• What needs to be done: From the records below, output exactly the lines starting at the line with "Enviroment/6(v_NEU) -> Performance" and ending at the line with "System : Subsystem", both of them included, but no pictures.

• Material provided:

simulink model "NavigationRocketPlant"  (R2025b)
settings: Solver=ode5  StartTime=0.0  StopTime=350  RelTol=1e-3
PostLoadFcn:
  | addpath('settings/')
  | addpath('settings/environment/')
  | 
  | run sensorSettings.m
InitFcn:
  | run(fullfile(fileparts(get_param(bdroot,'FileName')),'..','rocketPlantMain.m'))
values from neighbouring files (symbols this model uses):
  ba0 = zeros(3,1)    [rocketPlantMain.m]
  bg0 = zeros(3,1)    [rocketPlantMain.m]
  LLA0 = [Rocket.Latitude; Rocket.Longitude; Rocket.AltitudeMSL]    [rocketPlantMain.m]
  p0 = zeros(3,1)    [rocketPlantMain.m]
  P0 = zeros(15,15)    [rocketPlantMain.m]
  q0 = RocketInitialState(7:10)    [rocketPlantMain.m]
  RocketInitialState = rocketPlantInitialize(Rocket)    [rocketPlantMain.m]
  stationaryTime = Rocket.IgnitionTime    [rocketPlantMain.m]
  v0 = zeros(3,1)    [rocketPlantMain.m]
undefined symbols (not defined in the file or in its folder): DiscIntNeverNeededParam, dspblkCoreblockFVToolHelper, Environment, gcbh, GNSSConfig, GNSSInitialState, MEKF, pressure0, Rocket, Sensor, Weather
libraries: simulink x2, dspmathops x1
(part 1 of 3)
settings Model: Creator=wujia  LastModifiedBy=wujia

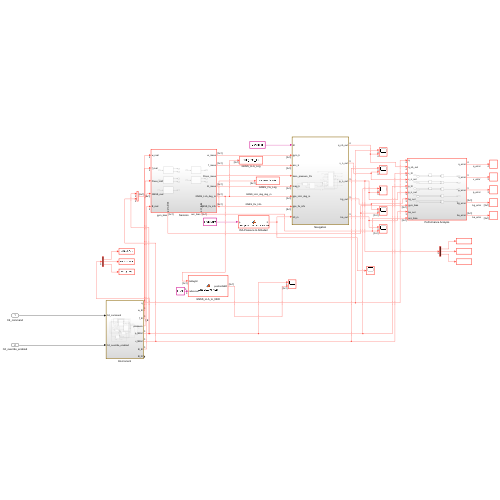
[thumbnail: Simulink's stored preview of the top-level diagram]
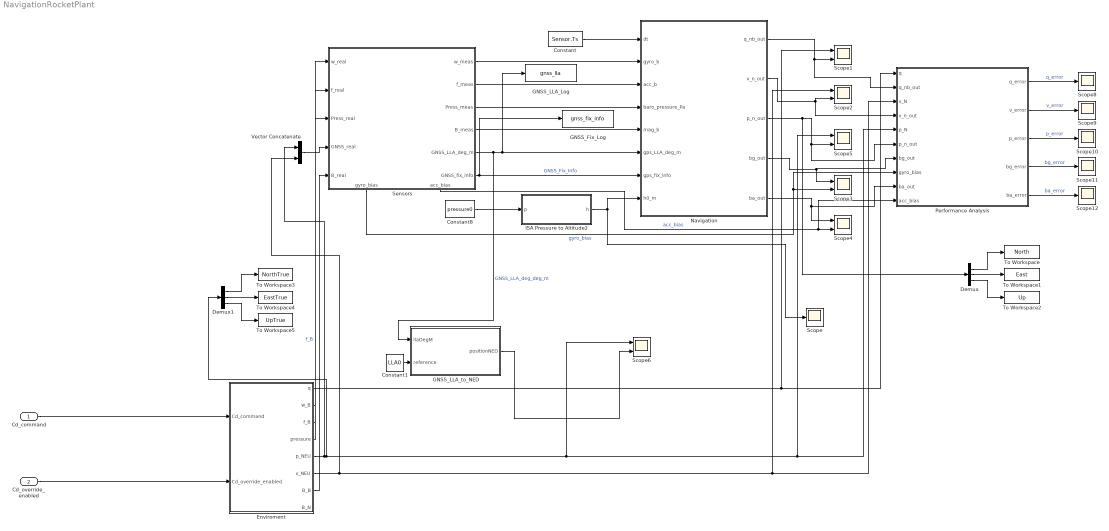
== system NavigationRocketPlant ==
  Cd_command : Inport  OutDataTypeStr=double  PortDimensions=1  SampleTime=Rocket.Ts  Interpolate=off
  Cd_override_enabled : Inport  Port=2  OutDataTypeStr=double  PortDimensions=1  SampleTime=Rocket.Ts  Interpolate=off
  Constant : Constant  Value=Sensor.Ts
  Constant1 : Constant  Value=LLA0
  Constant8 : Constant  Value=pressure0
  Demux : Demux  Outputs=3
  Demux1 : Demux  Outputs=3
  Enviroment : Subsystem
  GNSS_Fix_Log : ToWorkspace  VariableName=gnss_fix_info  SaveFormat=Timeseries  SampleTime=-1
  GNSS_LLA_Log : ToWorkspace  VariableName=gnss_lla  SaveFormat=Timeseries  SampleTime=-1
  GNSS_LLA_to_NED : MATLAB Function  TreatAsAtomicUnit=on
  ISA Pressure to Altitude2 : MATLAB Function  TreatAsAtomicUnit=on
  Navigation : Subsystem
  Performance Analysis : Subsystem
  Scope{,8..12} (6 alike) : Scope
      Scope settings: ActiveDisplayYMinimum=-1  ActiveDisplayYMaximum=1  DataLoggingVariableName=ScopeData18
      Scope10 settings: ActiveDisplayYMinimum=-43.238898122556691  ActiveDisplayYMaximum=55.159382964966909  DataLoggingVariableName=ScopeData12
      Scope11 settings: ActiveDisplayYMinimum=-0.047372671781054559  ActiveDisplayYMaximum=0.023017615287449465  DataLoggingVariableName=ScopeData13
      Scope12 settings: ActiveDisplayYMinimum=-0.56247304441899837  ActiveDisplayYMaximum=1.1440559822181913  DataLoggingVariableName=ScopeData14
      Scope8 settings: ActiveDisplayYMinimum=-2.4024992579145321  ActiveDisplayYMaximum=2.4014240203083954  DataLoggingVariableName=ScopeData6
      Scope9 settings: ActiveDisplayYMinimum=-73.4449521246089  ActiveDisplayYMaximum=67.234314688531754  DataLoggingVariableName=ScopeData8
  Scope{1..6} (6 alike) : Scope  NumInputPorts=2
      Scope1 settings: ActiveDisplayYMinimum=-1.2880369168448469  ActiveDisplayYMaximum=1.3322786485025644
      Scope2 settings: ActiveDisplayYMinimum=-66.391402806495847  ActiveDisplayYMaximum=368.05030772718362  DataLoggingVariableName=ScopeData2
      Scope3 settings: ActiveDisplayYMinimum=-0.019866552939701122  ActiveDisplayYMaximum=0.055696216205846576  DataLoggingVariableName=ScopeData3
      Scope4 settings: ActiveDisplayYMinimum=-0.56108731493308794  ActiveDisplayYMaximum=1.1446707904167028  DataLoggingVariableName=ScopeData4
      Scope5 settings: ActiveDisplayYMinimum=-703.59600028849377  ActiveDisplayYMaximum=4675.4737500320552  DataLoggingVariableName=ScopeData5
      Scope6 settings: ActiveDisplayYMinimum=-4.2977064407464418  ActiveDisplayYMaximum=41.562392937860714  DataLoggingVariableName=ScopeData7
  Sensors : Subsystem
      settings: PortSchema="{\"entries\":[{\"content\":{\"sides\":[{\"content\":{\"connectorIds\":[\"In1\",\"In2\",\"In3\",\"In4\",\"In5\"]},\"type\":\"ConnectorPlacement.EquallySpacedRectSide\",\"uuid\":\"7549c628-8b7d-407c-a68e-245c0e15f536\"},{\"content\":{\"connectorIds\":[\"Out1\",\"Out2\",\"Out3\",\"Out4\",\"Out5\",\"Out6\"],\"side\":\"RIGHT\"},\"type\":\"ConnectorPlacement.EquallySpacedRectSide\",\"uuid\":\"d27d0e7f-3d86-4e84-80b8-20c86293b7bf\"},{\"content\":{\"side\":\"TOP\"},\"type\":\"ConnectorPlacement.EquallySpacedRectSide\",\"uuid\":\"44c73c2c-96b0-4d3a-9d50-da6ca6099998\"},{\"content\":{\"connectorIds\":[\"Out7\",\"Out8\"],\"side\":\"BOTTOM\"},\"type\":\"ConnectorPlacement.EquallySpacedRectSide\",\"uuid\":\"8107c7d0-06da-4640-bff8-8544b9179788\"}]},\"type\":\"ConnectorPlacement.EquallySpacedConnector\",\"uuid\":\"f9c24899-cf40-457b-80ff-0dc7874e17ca\"}],\"packageUris\":[\"http://schema.mathworks.com/mf0/Connector/R2020b\"],\"version\":\"1.0\"}"
  To Workspace : ToWorkspace  VariableName=North  SaveFormat=Structure  SampleTime=-1
      settings: Save2DSignal=2-D array (concatenate along first dimension)
  To Workspace1 : ToWorkspace  VariableName=East  SaveFormat=Structure  SampleTime=-1
      settings: Save2DSignal=2-D array (concatenate along first dimension)
  To Workspace2 : ToWorkspace  VariableName=Up  SaveFormat=Structure  SampleTime=-1
      settings: Save2DSignal=2-D array (concatenate along first dimension)
  To Workspace3 : ToWorkspace  VariableName=NorthTrue  SaveFormat=Structure  SampleTime=-1
      settings: Save2DSignal=2-D array (concatenate along first dimension)
  To Workspace4 : ToWorkspace  VariableName=EastTrue  SaveFormat=Structure  SampleTime=-1
      settings: Save2DSignal=2-D array (concatenate along first dimension)
  To Workspace5 : ToWorkspace  VariableName=UpTrue  SaveFormat=Structure  SampleTime=-1
      settings: Save2DSignal=2-D array (concatenate along first dimension)
  Vector Concatenate : Concatenate  Mode=Multidimensional array
  wires:
  Sensors/4(B_meas) -> Navigation/5(mag_b)
  Sensors/3(Press_meas) -> Navigation/4(baro_pressure_Pa)
  Constant8/1 -> ISA Pressure to Altitude2/1(p)
  Sensors/7(gyro_bias) -> Performance Analysis/8(gyro_bias), Scope3/2  "gyro_bias"
  Sensors/8(acc_bias) -> Performance Analysis/10(acc_bias), Scope4/2  "acc_bias"
  Sensors/1(w_meas) -> Navigation/2(gyro_b)
  Constant/1 -> Navigation/1(dt)
  ISA Pressure to Altitude2/1(h) -> Scope/1, Navigation/8(h0_m)
  Navigation/1(q_nb_out) -> Performance Analysis/2(q_nb_out), Scope1/2
  Navigation/4(bg_out) -> Performance Analysis/7(bg_out), Scope3/1
  Navigation/5(ba_out) -> Scope4/1, Performance Analysis/9(ba_out)
  Vector Concatenate/1 -> Sensors/4(GNSS_real)
  Performance Analysis/1(q_error) -> Scope8/1  "q_error"
  Performance Analysis/2(v_error) -> Scope9/1  "v_error"
  Performance Analysis/5(ba_error) -> Scope12/1  "ba_error"
  Performance Analysis/4(bg_error) -> Scope11/1  "bg_error"
  Performance Analysis/3(p_error) -> Scope10/1  "p_error"
  Sensors/2(f_meas) -> Navigation/3(acc_b)
  Demux/1 -> To Workspace/1
  Demux/3 -> To Workspace2/1
  Demux/2 -> To Workspace1/1
  Demux1/1 -> To Workspace3/1
  Demux1/2 -> To Workspace4/1
  Demux1/3 -> To Workspace5/1
  Navigation/2(v_n_out) -> Performance Analysis/4(v_n_out), Scope2/2
  Navigation/3(p_n_out) -> Demux/1, Performance Analysis/6(p_n_out), Scope5/2
  Sensors/6(GNSS_fix_info) -> GNSS_Fix_Log/1, Navigation/7(gps_fix_info)  "GNSS_Fix_Info"
  Constant1/1 -> GNSS_LLA_to_NED/2(reference)
  GNSS_LLA_to_NED/1(positionNED) -> Scope6/2
  Sensors/5(GNSS_LLA_deg_m) -> Navigation/6(gps_LLA_deg_m), GNSS_LLA_Log/1, GNSS_LLA_to_NED/1(llaDegM)  "GNSS_LLA_deg_deg_m"
  Enviroment/2(w_B) -> Sensors/1(w_real)
  Enviroment/3(f_B) -> Sensors/2(f_real)  "f_B"
  Enviroment/7(B_B) -> Sensors/5(B_real)
  Enviroment/4(pressure) -> Sensors/3(Press_real)
  Enviroment/6(v_NEU) -> Performance Analysis/3(v_N), Scope2/1, Vector Concatenate/2
  Enviroment/1(q) -> Performance Analysis/1(q), Scope1/1
  Enviroment/5(p_NEU) -> Performance Analysis/5(p_N), Scope5/1, Scope6/1, Demux1/1, Vector Concatenate/1
  Cd_command/1 -> Enviroment/1(Cd_command)
  Cd_override_enabled/1 -> Enviroment/2(Cd_override_enabled)

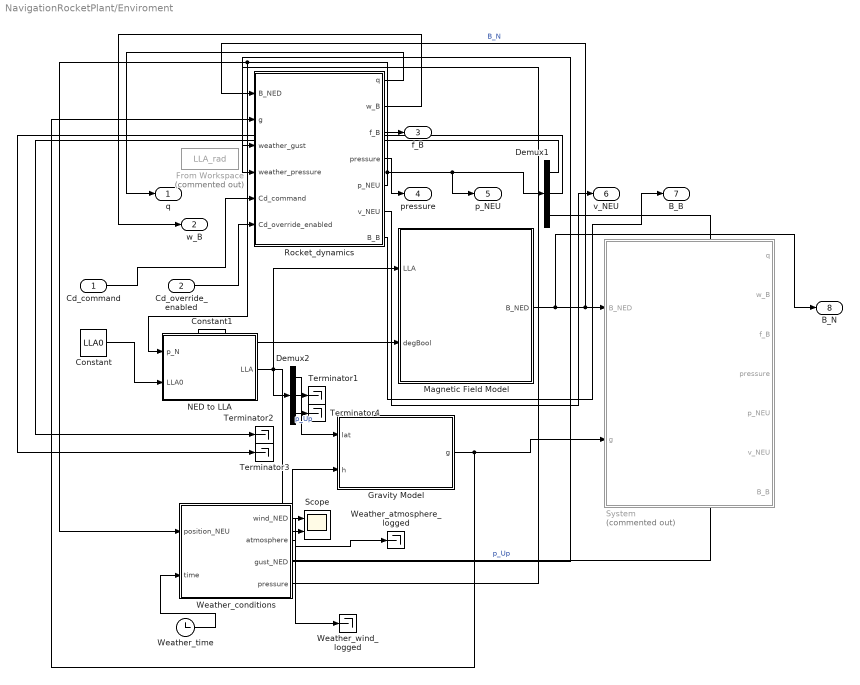
== system NavigationRocketPlant/Enviroment ==
  Cd_command : Inport  PortDimensions=1  SampleTime=Rocket.Ts
  Cd_override_enabled : Inport  Port=2  PortDimensions=1  SampleTime=Rocket.Ts
  Constant : Constant  Value=LLA0  VectorParams1D=off
  Constant1 : Constant  Value=0
  Demux1 : Demux  Outputs=3
  Demux2 : Demux  Outputs=3
  From Workspace : FromWorkspace  Commented=on  VariableName=LLA_rad
  Gravity Model : Subsystem
  Magnetic Field Model : Subsystem
  NED to LLA : MATLAB Function  TreatAsAtomicUnit=on
  Rocket_dynamics : Subsystem
  Scope : Scope  NumInputPorts=2
      settings: ActiveDisplayYMinimum=-1  ActiveDisplayYMaximum=1  DataLoggingVariableName=ScopeData9
  System : Subsystem  Description=Preserved CSV reference; inactive in physics-driven model. Original CSV model remains in the recovery artifact.  Commented=on
  Terminator{1..4} (4 alike) : Terminator
  Weather_atmosphere_logged : Terminator
  Weather_conditions : Subsystem
  Weather_time : Clock
  Weather_wind_logged : Terminator
  q : Outport
  w_B : Outport  Port=2
  f_B : Outport  Port=3
  pressure : Outport  Port=4
  p_NEU : Outport  Port=5
  v_NEU : Outport  Port=6
  B_B : Outport  Port=7
  B_N : Outport  Port=8
  wires:
  Demux2/2 -> Terminator1/1
  Demux2/3 -> Terminator4/1  "p_Up"
  Demux2/1 -> Gravity Model/1(lat)
  Demux1/3 -> Gravity Model/2(h)  "p_Up"
  Demux1/1 -> Terminator2/1
  Demux1/2 -> Terminator3/1
  Weather_conditions/2(atmosphere) -> Weather_atmosphere_logged/1
  Cd_override_enabled/1 -> Rocket_dynamics/6(Cd_override_enabled)
  Cd_command/1 -> Rocket_dynamics/5(Cd_command)
  Rocket_dynamics/7(B_B) -> B_B/1
  Rocket_dynamics/6(v_NEU) -> v_NEU/1
  Rocket_dynamics/5(p_NEU) -> Demux1/1, p_NEU/1, NED to LLA/1(p_N), Weather_conditions/1(position_NEU)
  Rocket_dynamics/4(pressure) -> pressure/1
  Rocket_dynamics/3(f_B) -> f_B/1
  Rocket_dynamics/2(w_B) -> w_B/1
  Rocket_dynamics/1(q) -> q/1
  Gravity Model/1(g) -> Rocket_dynamics/2(g), System/2(g)
  Magnetic Field Model/1(B_NED) -> Rocket_dynamics/1(B_NED), System/1(B_NED), B_N/1  "B_N"
  Weather_time/1 -> Weather_conditions/2(time)
  Weather_conditions/3(gust_NED) -> Rocket_dynamics/3(weather_gust)
  Weather_conditions/4(pressure) -> Rocket_dynamics/4(weather_pressure)
  Weather_conditions/1(wind_NED) -> Weather_wind_logged/1
  NED to LLA/1(LLA) -> Scope/2, Scope/1, Magnetic Field Model/1(LLA), Demux2/1
  Constant/1 -> NED to LLA/2(LLA0)
  Constant1/1 -> Magnetic Field Model/2(degBool)

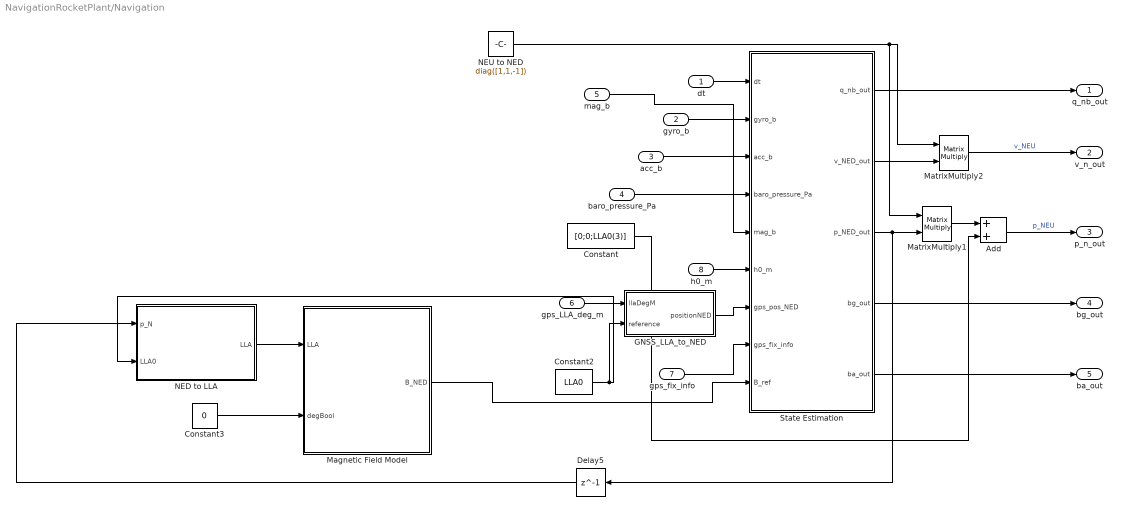
== system NavigationRocketPlant/Navigation ==
  dt : Inport
  gyro_b : Inport  Port=2
  acc_b : Inport  Port=3
  baro_pressure_Pa : Inport  Port=4
  mag_b : Inport  Port=5
  gps_LLA_deg_m : Inport  Port=6
  gps_fix_info : Inport  Port=7
  h0_m : Inport  Port=8
  Add : Sum
  Constant : Constant  Value=[0;0;LLA0(3)]
  Constant2 : Constant  Value=LLA0
  Constant3 : Constant  Value=0
  Delay5 : Delay  DelayLength=1  InitialCondition=p0
  GNSS_LLA_to_NED : MATLAB Function  TreatAsAtomicUnit=on
  Magnetic Field Model : Subsystem
  MatrixMultiply1 : Product  Multiplication=Matrix(*)
  MatrixMultiply2 : Product  Multiplication=Matrix(*)
  NED to LLA : MATLAB Function  TreatAsAtomicUnit=on
  NEU to NED : Constant  Value=diag([1,1,-1])
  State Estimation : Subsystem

• Reply to the task:
  Enviroment/6(v_NEU) -> Performance Analysis/3(v_N), Scope2/1, Vector Concatenate/2
  Enviroment/1(q) -> Performance Analysis/1(q), Scope1/1
  Enviroment/5(p_NEU) -> Performance Analysis/5(p_N), Scope5/1, Scope6/1, Demux1/1, Vector Concatenate/1
  Cd_command/1 -> Enviroment/1(Cd_command)
  Cd_override_enabled/1 -> Enviroment/2(Cd_override_enabled)

== system NavigationRocketPlant/Enviroment ==
  Cd_command : Inport  PortDimensions=1  SampleTime=Rocket.Ts
  Cd_override_enabled : Inport  Port=2  PortDimensions=1  SampleTime=Rocket.Ts
  Constant : Constant  Value=LLA0  VectorParams1D=off
  Constant1 : Constant  Value=0
  Demux1 : Demux  Outputs=3
  Demux2 : Demux  Outputs=3
  From Workspace : FromWorkspace  Commented=on  VariableName=LLA_rad
  Gravity Model : Subsystem
  Magnetic Field Model : Subsystem
  NED to LLA : MATLAB Function  TreatAsAtomicUnit=on
  Rocket_dynamics : Subsystem
  Scope : Scope  NumInputPorts=2
      settings: ActiveDisplayYMinimum=-1  ActiveDisplayYMaximum=1  DataLoggingVariableName=ScopeData9
  System : Subsystem  Description=Preserved CSV reference; inactive in physics-driven model. Original CSV model remains in the recovery artifact.  Commented=on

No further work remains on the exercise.